> [Task directions]: From the data below, copy each line that includes the word "VECTOR".

(Dataset items)

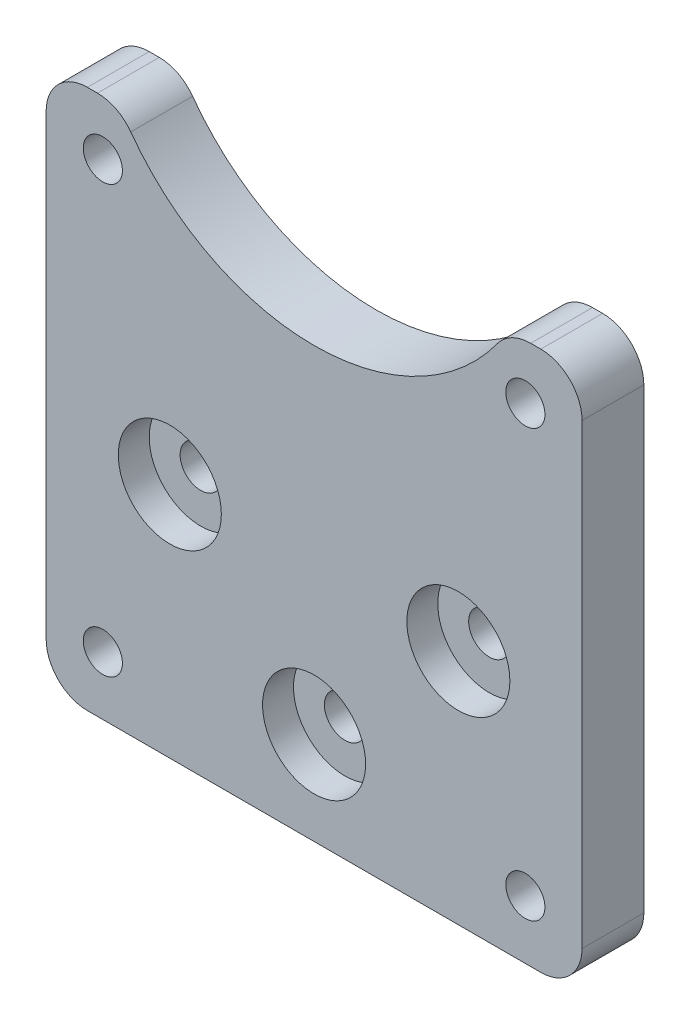
ISO-10303-21;
HEADER;
FILE_DESCRIPTION(('STEP AP214'),'2;1');
FILE_NAME('part.step','',(''),(''),'','','');
FILE_SCHEMA(('AUTOMOTIVE_DESIGN { 1 0 10303 214 1 1 1 1 }'));
ENDSEC;
DATA;
#1=APPLICATION_CONTEXT('core data for automotive mechanical design processes');
#2=APPLICATION_PROTOCOL_DEFINITION('international standard','automotive_design',2000,#1);
#3=PRODUCT_CONTEXT('',#1,'mechanical');
#4=PRODUCT('Part','Part','',(#3));
#5=PRODUCT_RELATED_PRODUCT_CATEGORY('part','',(#4));
#6=PRODUCT_DEFINITION_FORMATION('','',#4);
#7=PRODUCT_DEFINITION_CONTEXT('part definition',#1,'design');
#8=PRODUCT_DEFINITION('design','',#6,#7);
#9=PRODUCT_DEFINITION_SHAPE('','',#8);
#10=(LENGTH_UNIT() NAMED_UNIT(*) SI_UNIT(.MILLI.,.METRE.));
#11=(NAMED_UNIT(*) PLANE_ANGLE_UNIT() SI_UNIT($,.RADIAN.));
#12=(NAMED_UNIT(*) SI_UNIT($,.STERADIAN.) SOLID_ANGLE_UNIT());
#13=UNCERTAINTY_MEASURE_WITH_UNIT(LENGTH_MEASURE(1.E-05),#10,'distance_accuracy_value','');
#14=(GEOMETRIC_REPRESENTATION_CONTEXT(3) GLOBAL_UNCERTAINTY_ASSIGNED_CONTEXT((#13)) GLOBAL_UNIT_ASSIGNED_CONTEXT((#10,
#11,#12)) REPRESENTATION_CONTEXT('',''));
#15=CARTESIAN_POINT('',(0.,0.,0.));
#16=DIRECTION('',(0.,0.,1.));
#17=DIRECTION('',(1.,0.,0.));
#18=AXIS2_PLACEMENT_3D('',#15,#16,#17);
#19=CARTESIAN_POINT('',(7.00000000000001,3.5,3.));
#20=DIRECTION('',(0.,0.,-1.));
#21=DIRECTION('',(-1.,0.,0.));
#22=AXIS2_PLACEMENT_3D('',#19,#20,#21);
#23=CYLINDRICAL_SURFACE('',#22,1.);
#24=CARTESIAN_POINT('',(7.00000000000001,3.5,0.));
#25=DIRECTION('',(0.,0.,1.));
#26=DIRECTION('',(1.,0.,0.));
#27=AXIS2_PLACEMENT_3D('',#24,#25,#26);
#28=CIRCLE('',#27,1.);
#29=CARTESIAN_POINT('',(8.00000000000001,3.5,0.));
#30=VERTEX_POINT('',#29);
#31=EDGE_CURVE('E228',#30,#30,#28,.T.);
#32=ORIENTED_EDGE('',*,*,#31,.F.);
#33=EDGE_LOOP('',(#32));
#34=FACE_BOUND('',#33,.T.);
#35=CARTESIAN_POINT('',(7.00000000000001,3.5,1.5));
#36=DIRECTION('',(0.,0.,1.));
#37=DIRECTION('',(1.,0.,0.));
#38=AXIS2_PLACEMENT_3D('',#35,#36,#37);
#39=CIRCLE('',#38,1.);
#40=CARTESIAN_POINT('',(8.00000000000001,3.5,1.5));
#41=VERTEX_POINT('',#40);
#42=EDGE_CURVE('E169',#41,#41,#39,.T.);
#43=ORIENTED_EDGE('',*,*,#42,.T.);
#44=EDGE_LOOP('',(#43));
#45=FACE_BOUND('',#44,.T.);
#46=ADVANCED_FACE('F35',(#34,#45),#23,.F.);
#47=CARTESIAN_POINT('',(-6.99999999999999,3.5,3.));
#48=DIRECTION('',(0.,0.,-1.));
#49=DIRECTION('',(-1.,0.,0.));
#50=AXIS2_PLACEMENT_3D('',#47,#48,#49);
#51=CYLINDRICAL_SURFACE('',#50,1.);
#52=CARTESIAN_POINT('',(-6.99999999999999,3.5,0.));
#53=DIRECTION('',(0.,0.,1.));
#54=DIRECTION('',(-1.,0.,0.));
#55=AXIS2_PLACEMENT_3D('',#52,#53,#54);
#56=CIRCLE('',#55,1.);
#57=CARTESIAN_POINT('',(-8.,3.5,0.));
#58=VERTEX_POINT('',#57);
#59=EDGE_CURVE('E254',#58,#58,#56,.T.);
#60=ORIENTED_EDGE('',*,*,#59,.F.);
#61=EDGE_LOOP('',(#60));
#62=FACE_BOUND('',#61,.T.);
#63=CARTESIAN_POINT('',(-6.99999999999999,3.5,1.5));
#64=DIRECTION('',(0.,0.,1.));
#65=DIRECTION('',(1.,0.,0.));
#66=AXIS2_PLACEMENT_3D('',#63,#64,#65);
#67=CIRCLE('',#66,1.);
#68=CARTESIAN_POINT('',(-5.99999999999999,3.5,1.5));
#69=VERTEX_POINT('',#68);
#70=EDGE_CURVE('E165',#69,#69,#67,.T.);
#71=ORIENTED_EDGE('',*,*,#70,.T.);
#72=EDGE_LOOP('',(#71));
#73=FACE_BOUND('',#72,.T.);
#74=ADVANCED_FACE('F354',(#62,#73),#51,.F.);
#75=CARTESIAN_POINT('',(0.,-3.5,3.));
#76=DIRECTION('',(0.,0.,-1.));
#77=DIRECTION('',(-1.,0.,0.));
#78=AXIS2_PLACEMENT_3D('',#75,#76,#77);
#79=CYLINDRICAL_SURFACE('',#78,1.);
#80=CARTESIAN_POINT('',(0.,-3.5,0.));
#81=DIRECTION('',(0.,0.,1.));
#82=DIRECTION('',(1.,0.,0.));
#83=AXIS2_PLACEMENT_3D('',#80,#81,#82);
#84=CIRCLE('',#83,1.);
#85=CARTESIAN_POINT('',(1.00000000000001,-3.5,0.));
#86=VERTEX_POINT('',#85);
#87=EDGE_CURVE('E257',#86,#86,#84,.T.);
#88=ORIENTED_EDGE('',*,*,#87,.F.);
#89=EDGE_LOOP('',(#88));
#90=FACE_BOUND('',#89,.T.);
#91=CARTESIAN_POINT('',(0.,-3.5,1.5));
#92=DIRECTION('',(0.,0.,1.));
#93=DIRECTION('',(1.,0.,0.));
#94=AXIS2_PLACEMENT_3D('',#91,#92,#93);
#95=CIRCLE('',#94,1.);
#96=CARTESIAN_POINT('',(1.00000000000001,-3.5,1.5));
#97=VERTEX_POINT('',#96);
#98=EDGE_CURVE('E162',#97,#97,#95,.T.);
#99=ORIENTED_EDGE('',*,*,#98,.T.);
#100=EDGE_LOOP('',(#99));
#101=FACE_BOUND('',#100,.T.);
#102=ADVANCED_FACE('F312',(#90,#101),#79,.F.);
#103=CARTESIAN_POINT('',(0.,23.8400121122048,3.));
#104=DIRECTION('',(0.,0.,1.));
#105=DIRECTION('',(1.,0.,0.));
#106=AXIS2_PLACEMENT_3D('',#103,#104,#105);
#107=PLANE('',#106);
#108=CARTESIAN_POINT('',(-6.99999999999999,3.5,3.));
#109=DIRECTION('',(0.,0.,1.));
#110=DIRECTION('',(1.,0.,0.));
#111=AXIS2_PLACEMENT_3D('',#108,#109,#110);
#112=CIRCLE('',#111,2.5);
#113=CARTESIAN_POINT('',(-4.5,3.5,3.));
#114=VERTEX_POINT('',#113);
#115=EDGE_CURVE('E295',#114,#114,#112,.T.);
#116=ORIENTED_EDGE('',*,*,#115,.F.);
#117=EDGE_LOOP('',(#116));
#118=FACE_BOUND('',#117,.T.);
#119=CARTESIAN_POINT('',(7.00000000000001,3.5,3.));
#120=DIRECTION('',(0.,0.,1.));
#121=DIRECTION('',(1.,0.,0.));
#122=AXIS2_PLACEMENT_3D('',#119,#120,#121);
#123=CIRCLE('',#122,2.5);
#124=CARTESIAN_POINT('',(9.50000000000001,3.5,3.));
#125=VERTEX_POINT('',#124);
#126=EDGE_CURVE('E289',#125,#125,#123,.T.);
#127=ORIENTED_EDGE('',*,*,#126,.F.);
#128=EDGE_LOOP('',(#127));
#129=FACE_BOUND('',#128,.T.);
#130=CARTESIAN_POINT('',(0.,-3.5,3.));
#131=DIRECTION('',(0.,0.,1.));
#132=DIRECTION('',(1.,0.,0.));
#133=AXIS2_PLACEMENT_3D('',#130,#131,#132);
#134=CIRCLE('',#133,2.5);
#135=CARTESIAN_POINT('',(2.50000000000001,-3.5,3.));
#136=VERTEX_POINT('',#135);
#137=EDGE_CURVE('E283',#136,#136,#134,.T.);
#138=ORIENTED_EDGE('',*,*,#137,.F.);
#139=EDGE_LOOP('',(#138));
#140=FACE_BOUND('',#139,.T.);
#141=CARTESIAN_POINT('',(-10.2499999999998,-5.15998788779531,3.));
#142=DIRECTION('',(0.,0.,1.));
#143=DIRECTION('',(1.,0.,0.));
#144=AXIS2_PLACEMENT_3D('',#141,#142,#143);
#145=CIRCLE('',#144,0.949999999999999);
#146=CARTESIAN_POINT('',(-9.29999999999979,-5.15998788779531,3.));
#147=VERTEX_POINT('',#146);
#148=EDGE_CURVE('E270',#147,#147,#145,.T.);
#149=ORIENTED_EDGE('',*,*,#148,.F.);
#150=EDGE_LOOP('',(#149));
#151=FACE_BOUND('',#150,.T.);
#152=CARTESIAN_POINT('',(10.2500000000001,15.5400121122048,3.));
#153=DIRECTION('',(0.,0.,1.));
#154=DIRECTION('',(1.,0.,0.));
#155=AXIS2_PLACEMENT_3D('',#152,#153,#154);
#156=CIRCLE('',#155,0.949999999999999);
#157=CARTESIAN_POINT('',(11.2000000000001,15.5400121122048,3.));
#158=VERTEX_POINT('',#157);
#159=EDGE_CURVE('E260',#158,#158,#156,.T.);
#160=ORIENTED_EDGE('',*,*,#159,.F.);
#161=EDGE_LOOP('',(#160));
#162=FACE_BOUND('',#161,.T.);
#163=DIRECTION('',(0.,-1.,0.));
#164=VECTOR('',#163,1.);
#165=CARTESIAN_POINT('',(-13.,18.1900121122046,3.));
#166=LINE('',#165,#164);
#167=CARTESIAN_POINT('',(-13.,16.1900121122046,3.));
#168=VERTEX_POINT('',#167);
#169=CARTESIAN_POINT('',(-13.,-5.99999999999999,3.));
#170=VERTEX_POINT('',#169);
#171=EDGE_CURVE('E242',#168,#170,#166,.T.);
#172=ORIENTED_EDGE('',*,*,#171,.T.);
#173=CARTESIAN_POINT('',(-11.,-6.,3.));
#174=DIRECTION('',(0.,0.,1.));
#175=DIRECTION('',(1.,0.,0.));
#176=AXIS2_PLACEMENT_3D('',#173,#174,#175);
#177=CIRCLE('',#176,2.);
#178=CARTESIAN_POINT('',(-11.,-8.,3.));
#179=VERTEX_POINT('',#178);
#180=EDGE_CURVE('E194',#170,#179,#177,.T.);
#181=ORIENTED_EDGE('',*,*,#180,.T.);
#182=DIRECTION('',(1.,0.,0.));
#183=VECTOR('',#182,1.);
#184=CARTESIAN_POINT('',(-13.,-8.,3.));
#185=LINE('',#184,#183);
#186=CARTESIAN_POINT('',(11.,-8.,3.));
#187=VERTEX_POINT('',#186);
#188=EDGE_CURVE('E145',#179,#187,#185,.T.);
#189=ORIENTED_EDGE('',*,*,#188,.T.);
#190=CARTESIAN_POINT('',(11.,-5.99999999999999,3.));
#191=DIRECTION('',(0.,0.,1.));
#192=DIRECTION('',(1.,0.,0.));
#193=AXIS2_PLACEMENT_3D('',#190,#191,#192);
#194=CIRCLE('',#193,2.);
#195=CARTESIAN_POINT('',(13.,-5.99999999999999,3.));
#196=VERTEX_POINT('',#195);
#197=EDGE_CURVE('E192',#187,#196,#194,.T.);
#198=ORIENTED_EDGE('',*,*,#197,.T.);
#199=DIRECTION('',(0.,1.,0.));
#200=VECTOR('',#199,1.);
#201=CARTESIAN_POINT('',(13.,18.1900121122048,3.));
#202=LINE('',#201,#200);
#203=CARTESIAN_POINT('',(13.,16.1900121122048,3.));
#204=VERTEX_POINT('',#203);
#205=EDGE_CURVE('E152',#196,#204,#202,.T.);
#206=ORIENTED_EDGE('',*,*,#205,.T.);
#207=CARTESIAN_POINT('',(11.,16.1900121122048,3.));
#208=DIRECTION('',(0.,0.,1.));
#209=DIRECTION('',(1.,0.,0.));
#210=AXIS2_PLACEMENT_3D('',#207,#208,#209);
#211=CIRCLE('',#210,2.);
#212=CARTESIAN_POINT('',(11.,18.1900121122048,3.));
#213=VERTEX_POINT('',#212);
#214=EDGE_CURVE('E185',#204,#213,#211,.T.);
#215=ORIENTED_EDGE('',*,*,#214,.T.);
#216=DIRECTION('',(-1.,0.,0.));
#217=VECTOR('',#216,1.);
#218=CARTESIAN_POINT('',(9.43808773004362,18.1900121122048,3.));
#219=LINE('',#218,#217);
#220=CARTESIAN_POINT('',(10.5108277504676,18.1900121122048,3.));
#221=VERTEX_POINT('',#220);
#222=EDGE_CURVE('E156',#213,#221,#219,.T.);
#223=ORIENTED_EDGE('',*,*,#222,.T.);
#224=CARTESIAN_POINT('',(10.5108277504676,16.1900121122048,3.));
#225=DIRECTION('',(0.,0.,1.));
#226=DIRECTION('',(1.,0.,0.));
#227=AXIS2_PLACEMENT_3D('',#224,#225,#226);
#228=CIRCLE('',#227,2.);
#229=CARTESIAN_POINT('',(8.89377732731875,17.3669351891278,3.));
#230=VERTEX_POINT('',#229);
#231=EDGE_CURVE('E188',#221,#230,#228,.T.);
#232=ORIENTED_EDGE('',*,*,#231,.T.);
#233=CARTESIAN_POINT('',(0.,23.8400121122048,3.));
#234=DIRECTION('',(0.,0.,-1.));
#235=DIRECTION('',(1.,0.,0.));
#236=AXIS2_PLACEMENT_3D('',#233,#234,#235);
#237=CIRCLE('',#236,11.);
#238=CARTESIAN_POINT('',(-8.89377732731866,17.3669351891277,3.));
#239=VERTEX_POINT('',#238);
#240=EDGE_CURVE('E247',#230,#239,#237,.T.);
#241=ORIENTED_EDGE('',*,*,#240,.T.);
#242=CARTESIAN_POINT('',(-10.5108277504675,16.1900121122046,3.));
#243=DIRECTION('',(0.,0.,1.));
#244=DIRECTION('',(1.,0.,0.));
#245=AXIS2_PLACEMENT_3D('',#242,#243,#244);
#246=CIRCLE('',#245,2.);
#247=CARTESIAN_POINT('',(-10.5108277504675,18.1900121122046,3.));
#248=VERTEX_POINT('',#247);
#249=EDGE_CURVE('E57',#239,#248,#246,.T.);
#250=ORIENTED_EDGE('',*,*,#249,.T.);
#251=DIRECTION('',(-1.,0.,0.));
#252=VECTOR('',#251,1.);
#253=CARTESIAN_POINT('',(-13.,18.1900121122046,3.));
#254=LINE('',#253,#252);
#255=CARTESIAN_POINT('',(-11.,18.1900121122046,3.));
#256=VERTEX_POINT('',#255);
#257=EDGE_CURVE('E243',#248,#256,#254,.T.);
#258=ORIENTED_EDGE('',*,*,#257,.T.);
#259=CARTESIAN_POINT('',(-11.,16.1900121122046,3.));
#260=DIRECTION('',(0.,0.,1.));
#261=DIRECTION('',(1.,0.,0.));
#262=AXIS2_PLACEMENT_3D('',#259,#260,#261);
#263=CIRCLE('',#262,2.);
#264=EDGE_CURVE('E190',#256,#168,#263,.T.);
#265=ORIENTED_EDGE('',*,*,#264,.T.);
#266=EDGE_LOOP('',(#172,#181,#189,#198,#206,#215,#223,#232,#241,#250,#258,#265));
#267=FACE_BOUND('',#266,.T.);
#268=CARTESIAN_POINT('',(-10.2499999999999,15.5400121122042,3.));
#269=DIRECTION('',(0.,0.,1.));
#270=DIRECTION('',(-1.,0.,0.));
#271=AXIS2_PLACEMENT_3D('',#268,#269,#270);
#272=CIRCLE('',#271,0.95);
#273=CARTESIAN_POINT('',(-11.1999999999999,15.5400121122042,3.));
#274=VERTEX_POINT('',#273);
#275=EDGE_CURVE('E264',#274,#274,#272,.T.);
#276=ORIENTED_EDGE('',*,*,#275,.F.);
#277=EDGE_LOOP('',(#276));
#278=FACE_BOUND('',#277,.T.);
#279=CARTESIAN_POINT('',(10.2500000000003,-5.15998788779515,3.));
#280=DIRECTION('',(0.,0.,1.));
#281=DIRECTION('',(-1.,0.,0.));
#282=AXIS2_PLACEMENT_3D('',#279,#280,#281);
#283=CIRCLE('',#282,0.949999999999999);
#284=CARTESIAN_POINT('',(9.30000000000027,-5.15998788779515,3.));
#285=VERTEX_POINT('',#284);
#286=EDGE_CURVE('E276',#285,#285,#283,.T.);
#287=ORIENTED_EDGE('',*,*,#286,.F.);
#288=EDGE_LOOP('',(#287));
#289=FACE_BOUND('',#288,.T.);
#290=ADVANCED_FACE('F240',(#118,#129,#140,#151,#162,#267,#278,#289),#107,.T.);
#291=CARTESIAN_POINT('',(0.,23.8400121122048,0.));
#292=DIRECTION('',(0.,0.,1.));
#293=DIRECTION('',(1.,0.,0.));
#294=AXIS2_PLACEMENT_3D('',#291,#292,#293);
#295=PLANE('',#294);
#296=DIRECTION('',(1.,0.,0.));
#297=VECTOR('',#296,1.);
#298=CARTESIAN_POINT('',(-13.,-8.,0.));
#299=LINE('',#298,#297);
#300=CARTESIAN_POINT('',(-11.,-8.,0.));
#301=VERTEX_POINT('',#300);
#302=CARTESIAN_POINT('',(11.,-8.,0.));
#303=VERTEX_POINT('',#302);
#304=EDGE_CURVE('E142',#301,#303,#299,.T.);
#305=ORIENTED_EDGE('',*,*,#304,.F.);
#306=CARTESIAN_POINT('',(-11.,-6.,0.));
#307=DIRECTION('',(0.,0.,1.));
#308=DIRECTION('',(1.,0.,0.));
#309=AXIS2_PLACEMENT_3D('',#306,#307,#308);
#310=CIRCLE('',#309,2.);
#311=CARTESIAN_POINT('',(-13.,-5.99999999999999,0.));
#312=VERTEX_POINT('',#311);
#313=EDGE_CURVE('E125',#301,#312,#310,.F.);
#314=ORIENTED_EDGE('',*,*,#313,.T.);
#315=DIRECTION('',(0.,-1.,0.));
#316=VECTOR('',#315,1.);
#317=CARTESIAN_POINT('',(-13.,18.1900121122046,0.));
#318=LINE('',#317,#316);
#319=CARTESIAN_POINT('',(-13.,16.1900121122046,0.));
#320=VERTEX_POINT('',#319);
#321=EDGE_CURVE('E153',#320,#312,#318,.T.);
#322=ORIENTED_EDGE('',*,*,#321,.F.);
#323=CARTESIAN_POINT('',(-11.,16.1900121122046,0.));
#324=DIRECTION('',(0.,0.,1.));
#325=DIRECTION('',(1.,0.,0.));
#326=AXIS2_PLACEMENT_3D('',#323,#324,#325);
#327=CIRCLE('',#326,2.);
#328=CARTESIAN_POINT('',(-11.,18.1900121122046,0.));
#329=VERTEX_POINT('',#328);
#330=EDGE_CURVE('E179',#320,#329,#327,.F.);
#331=ORIENTED_EDGE('',*,*,#330,.T.);
#332=DIRECTION('',(-1.,0.,0.));
#333=VECTOR('',#332,1.);
#334=CARTESIAN_POINT('',(-13.,18.1900121122046,0.));
#335=LINE('',#334,#333);
#336=CARTESIAN_POINT('',(-10.5108277504675,18.1900121122046,0.));
#337=VERTEX_POINT('',#336);
#338=EDGE_CURVE('E158',#337,#329,#335,.T.);
#339=ORIENTED_EDGE('',*,*,#338,.F.);
#340=CARTESIAN_POINT('',(-10.5108277504675,16.1900121122046,0.));
#341=DIRECTION('',(0.,0.,1.));
#342=DIRECTION('',(1.,0.,0.));
#343=AXIS2_PLACEMENT_3D('',#340,#341,#342);
#344=CIRCLE('',#343,2.);
#345=CARTESIAN_POINT('',(-8.89377732731866,17.3669351891277,0.));
#346=VERTEX_POINT('',#345);
#347=EDGE_CURVE('E175',#337,#346,#344,.F.);
#348=ORIENTED_EDGE('',*,*,#347,.T.);
#349=CARTESIAN_POINT('',(0.,23.8400121122048,0.));
#350=DIRECTION('',(0.,0.,-1.));
#351=DIRECTION('',(1.,0.,0.));
#352=AXIS2_PLACEMENT_3D('',#349,#350,#351);
#353=CIRCLE('',#352,11.);
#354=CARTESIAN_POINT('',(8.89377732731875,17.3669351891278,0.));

> [Exercise solution]:
#164=VECTOR('',#163,1.);
#183=VECTOR('',#182,1.);
#200=VECTOR('',#199,1.);
#217=VECTOR('',#216,1.);
#252=VECTOR('',#251,1.);
#297=VECTOR('',#296,1.);
#316=VECTOR('',#315,1.);
#333=VECTOR('',#332,1.);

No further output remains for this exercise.